Workflow optimization. It is difficult to overstate the value of software tools that help solar companies manage the complex and constantly evolving workflow from the point of sale through project delivery. Part of the reason that the solar industry has relatively high customer acquisition costs is that many organizations do not adequately invest in project delivery improvements. Customers who have a poor experience during project delivery will not refer the installation company to friends, nor will they encourage others to go solar. Though some of the specialty platforms profiled in my 2015 article can expedite project management and delivery, many solar installation companies rely on general-industry CRM tools such as Salesforce. 

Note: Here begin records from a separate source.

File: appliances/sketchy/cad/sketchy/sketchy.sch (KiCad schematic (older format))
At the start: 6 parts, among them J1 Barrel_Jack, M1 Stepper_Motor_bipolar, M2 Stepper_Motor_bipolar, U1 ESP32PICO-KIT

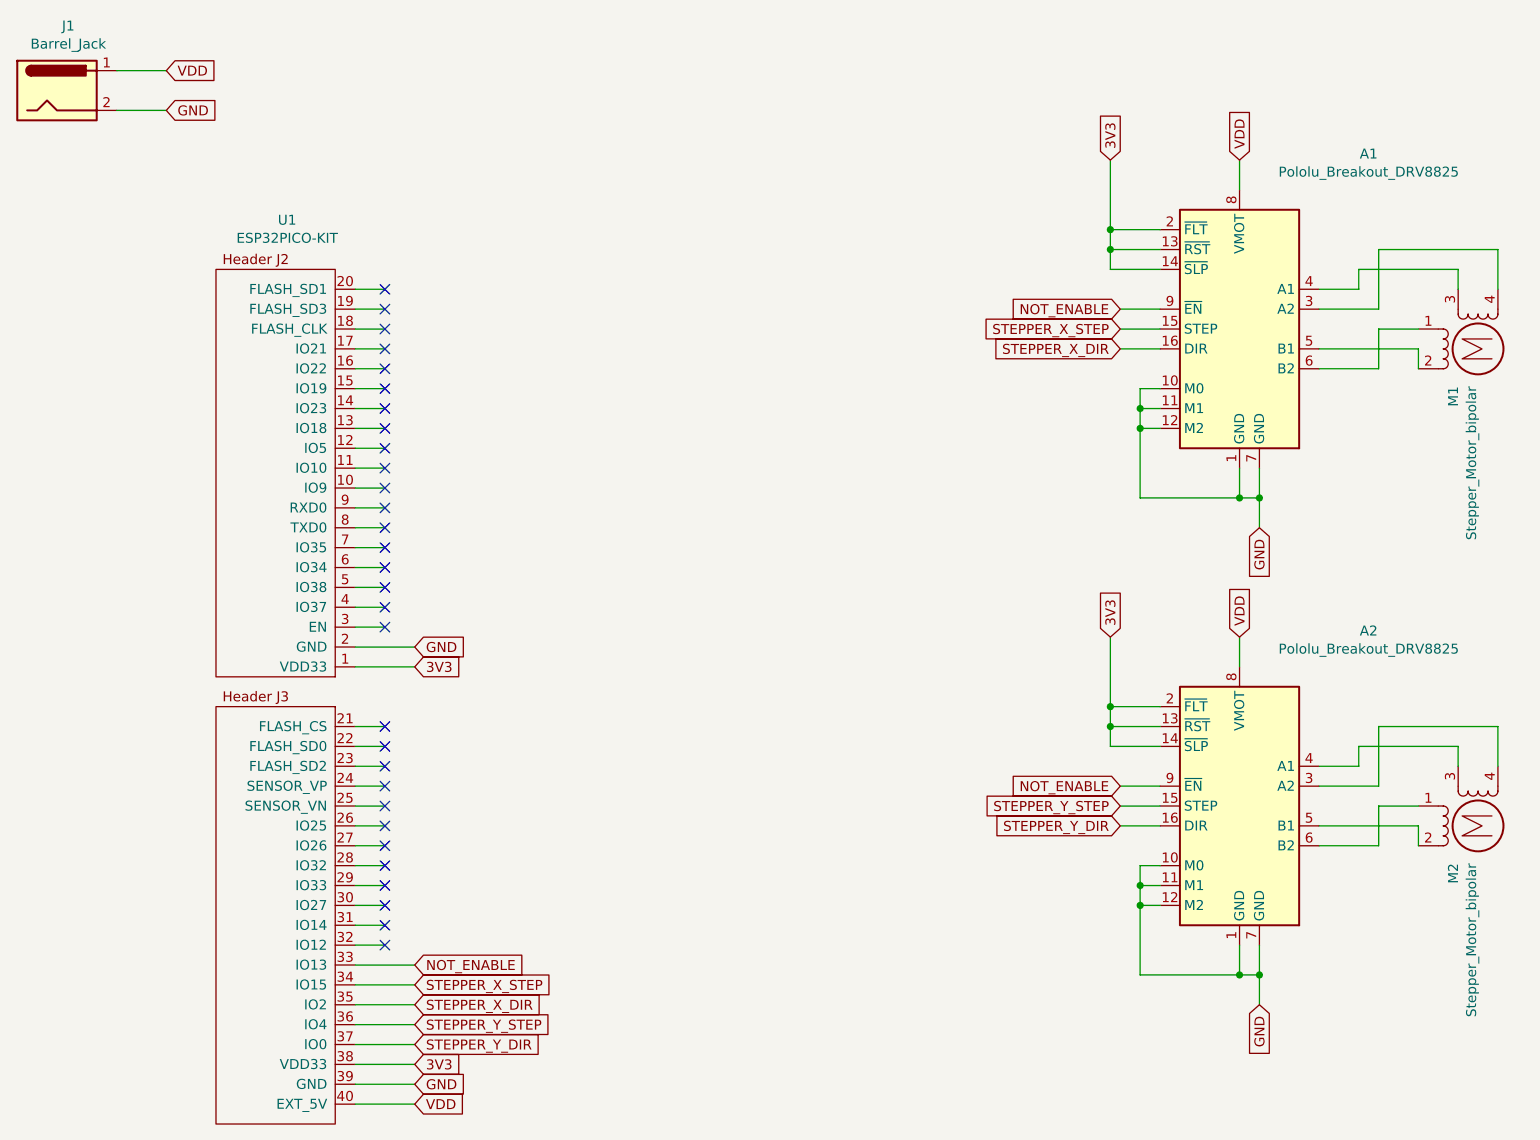
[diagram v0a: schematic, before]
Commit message: Changed stepper driver to the 4988 that I'm actually using, routed all tracks, and added silkscreen text and mounting holes.
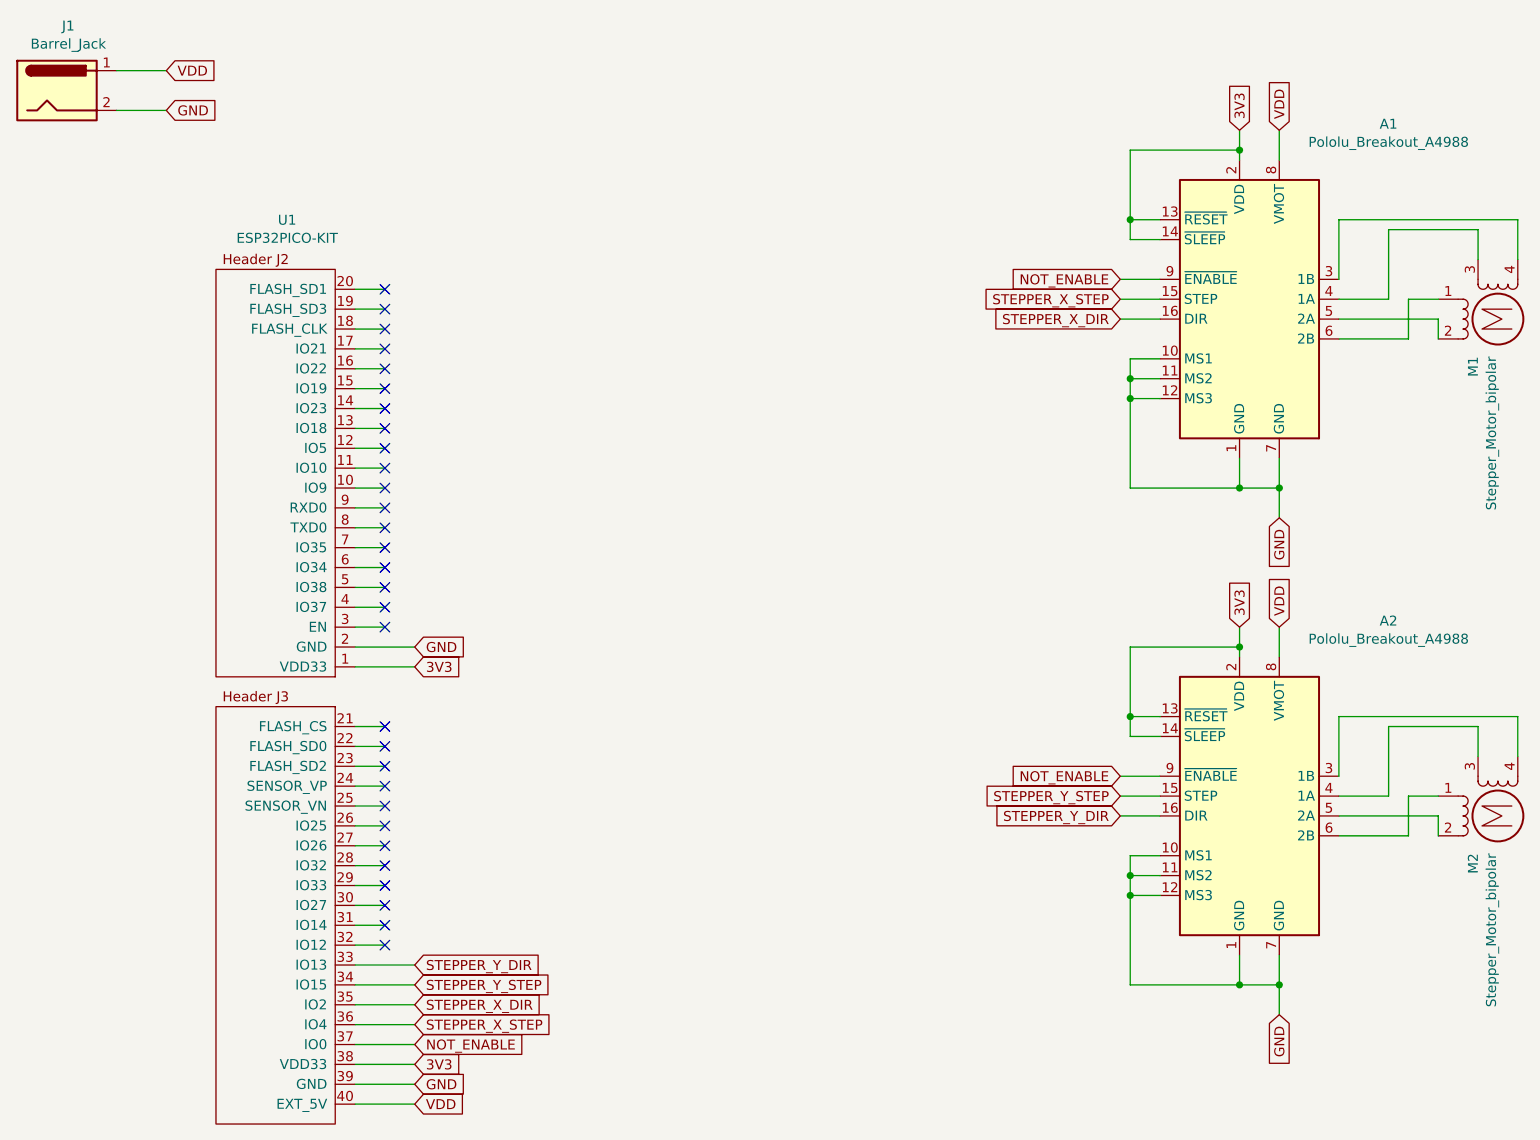
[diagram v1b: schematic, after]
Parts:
- removed A1, A2: Pololu_Breakout_DRV8825, Modules:Pololu_Breakout-16_15.2x20.3mm, symbol Driver_Motor:Pololu_Breakout_DRV8825
- added A1, A2: Pololu_Breakout_A4988, Modules:Pololu_Breakout-16_15.2x20.3mm, symbol Driver_Motor:Pololu_Breakout_A4988
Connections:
- net 3V3: now also A1.13 (~RESET), A1.14 (~SLEEP), A1.2 (VDD), A2.13 (~RESET), A2.14 (~SLEEP), A2.2 (VDD)
- net GND: now also A1.1 (GND), A1.10 (MS1), A1.11 (MS2), A1.12 (MS3), A1.7 (GND), A2.1 (GND), A2.10 (MS1), A2.11 (MS2), A2.12 (MS3), A2.7 (GND)
- net NOT_ENABLE: now also U1.37 (IO0), A1.9 (~ENABLE), A2.9 (~ENABLE); no longer U1.33 (IO13)
- net STEPPER_X_DIR: now also A1.16 (DIR)
- net STEPPER_X_STEP: now also U1.36 (IO4), A1.15 (STEP); no longer U1.34 (IO15)
- net STEPPER_Y_DIR: now also U1.33 (IO13), A2.16 (DIR); no longer U1.37 (IO0)
- net STEPPER_Y_STEP: now also U1.34 (IO15), A2.15 (STEP); no longer U1.36 (IO4)
- net VDD: now also A1.8 (VMOT), A2.8 (VMOT)
- net at M1.4: now also A1.3 (1B)
- net at M1.3: now also A1.4 (1A)
- net at M1.2 (-): now also A1.5 (2A)
- net at M1.1: now also A1.6 (2B)
- net at M2.4: now also A2.3 (1B)
- net at M2.3: now also A2.4 (1A)
- net at M2.2 (-): now also A2.5 (2A)
- net at M2.1: now also A2.6 (2B)

Engineering tools. Whereas sales design tools expedite presales activities, specialty solar engineering tools focus on automating tasks associated with project delivery. These activities include generating plan sets, analyzing real-world conditions and providing instructions for the construction phase. Aurora, PVComplete and SolarDesignTool are examples of specialty software tools that fulfill solar project engineering needs, albeit in different ways for different constituencies.

Software tools in this category automate asset management functions or provide monitoring solutions for individual systems or project portfolios.

Asset management. Vendors offering specialty solar asset and portfolio management software include 3megawatt, HelioStats, Mercatus, PowerHub, Ra Power Management and Sighten. These platforms provide views and user experiences tailored to the needs of different project stakeholders, and manage financial and operational data coming from portfolios of projects and rolling down to the individual asset level. Vendors with solar asset management platforms have invested heavily in reporting and analytics interfaces, above and beyond any other feature set. Among other things, these interfaces allow users to automate compliance reports and performance risk analyses. Ra Power Management and Sighten provide different fund and finance management perspectives that are useful for investors and companies managing more-complicated residential solar finance offerings.

Monitoring. Well-known companies such as Draker, Fat Spaniel (now part of ABB via Power-One) and meteocontrol pioneered solar power plant monitoring. More recently, vendors such as AlsoEnergy, eGauge, Locus Energy and Solar-Log have introduced simpler and more user-friendly monitoring solutions to market. The latest innovators in this market, such as Curb, seek to integrate solar monitoring solutions with the Internet of things (IoT) by bringing a wealth of data to consumers or facility managers.